With the parties furiously competing to see who can make the greatest ‘efficiency savings', a veritable tsunami of scale-based change is about to hit the public services. Sir Peter Gershon has advised the Conservatives that if they come to power they should outsource the entire public-sector back office within 18 months.
But this nightmarish vision – centralism on steroids – would kill stone dead the ferment of service innovation that is currently offering not just the hope but the reality of improvement at local councils up and down the land. Managers and workers at these bodies have reached the liberating and counterintuitive realisation that big is not better; making services truly local is both morally and economically attractive.
They have learned that in services, economies of scale – separating services into front and back offices so that processes can be standardised and automated – are a myth. The secret of service improvement (both financial and qualitative) lies in streamlining the flow. The more services are fragmented and batch-processed, the worse and more expensive they get. Saving isn't in sharing services or building giant back-office factories like HMRC and DWP. It is getting clear about purpose and redesigning the service to meet real local demand. Gershon has it the wrong way round. Cost reduction is a by-product of the focus on purpose and improvement, not vice versa.
Councils that have quietly rejected central specification of method – reminiscent of Soviet-style central planning – are making service improvements that make a mockery of official targets, while driving out costs in the process. They do it through small-scale iteration and adaptation rather than adoption of an all-embracing central plan – this is how innovation works; this is why bubbling capitalist economies outperform centrally planned ones.

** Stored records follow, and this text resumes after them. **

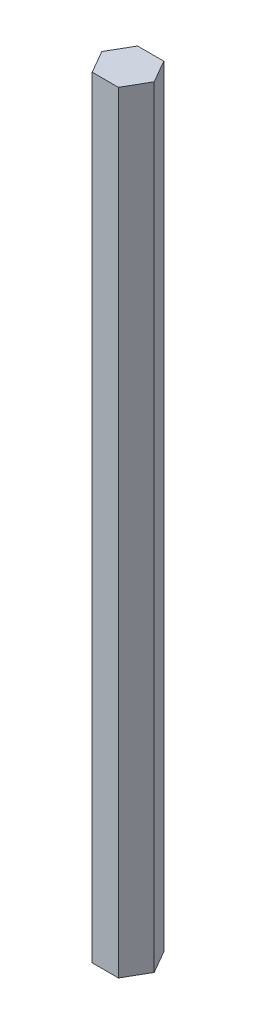
from build123d import *

# Parameters (mm, degrees)
BOSS_EXTRUDE1_DEPTH = 215.9


with BuildPart() as part:
    # Sketch1 → Boss-Extrude1 (new body)
    with BuildSketch(Plane(origin=(0, 0, 0), x_dir=(1, 0, 0), z_dir=(0, 1, 0))):
        Polygon((7.332348419, 0), (3.666174209, 6.35), (-3.666174209, 6.35), (-7.332348419, 0), (-3.666174209, -6.35), (3.666174209, -6.35), align=None)
    extrude(amount=BOSS_EXTRUDE1_DEPTH)


solid = part.part

For example, by studying what claimants needed and redesigning the work to match, East Devon and Stroud Councils have dramatically beaten the official target time to pay housing benefit, and spend less doing so. Stockport council's IT help desk now does just that – help – making customers happy and saving taxpayers' money at the same time. Or take potholes. Local authorities in the UK and New Zealand have doubled productivity in road repairs by studying demand and redesigning the work so that local teams have both the equipment and the responsibility to maintain the highways in their area in tip-top condition.
Where work is designed like this, people can use local knowledge to solve local problems. As a direct result the morale of those doing the work rises, fuelling further improvement, and the symptoms of poor morale – sickness and absence – fall away. But even better, when citizens experience good (local) service, their behaviour changes. Indifference turns into awareness, engagement and responsibility. Visitors to Portsmouth's estates, which have been transformed by the new service localism, are struck by their spick-and-span appearance and the positive attitude of residents. None of this could be achieved by Gershon-style industrialisation of services, and the value extends far beyond cost-cutting. Better services create better communities; the moral economics of localism outweigh even the financial benefits, considerable as they are.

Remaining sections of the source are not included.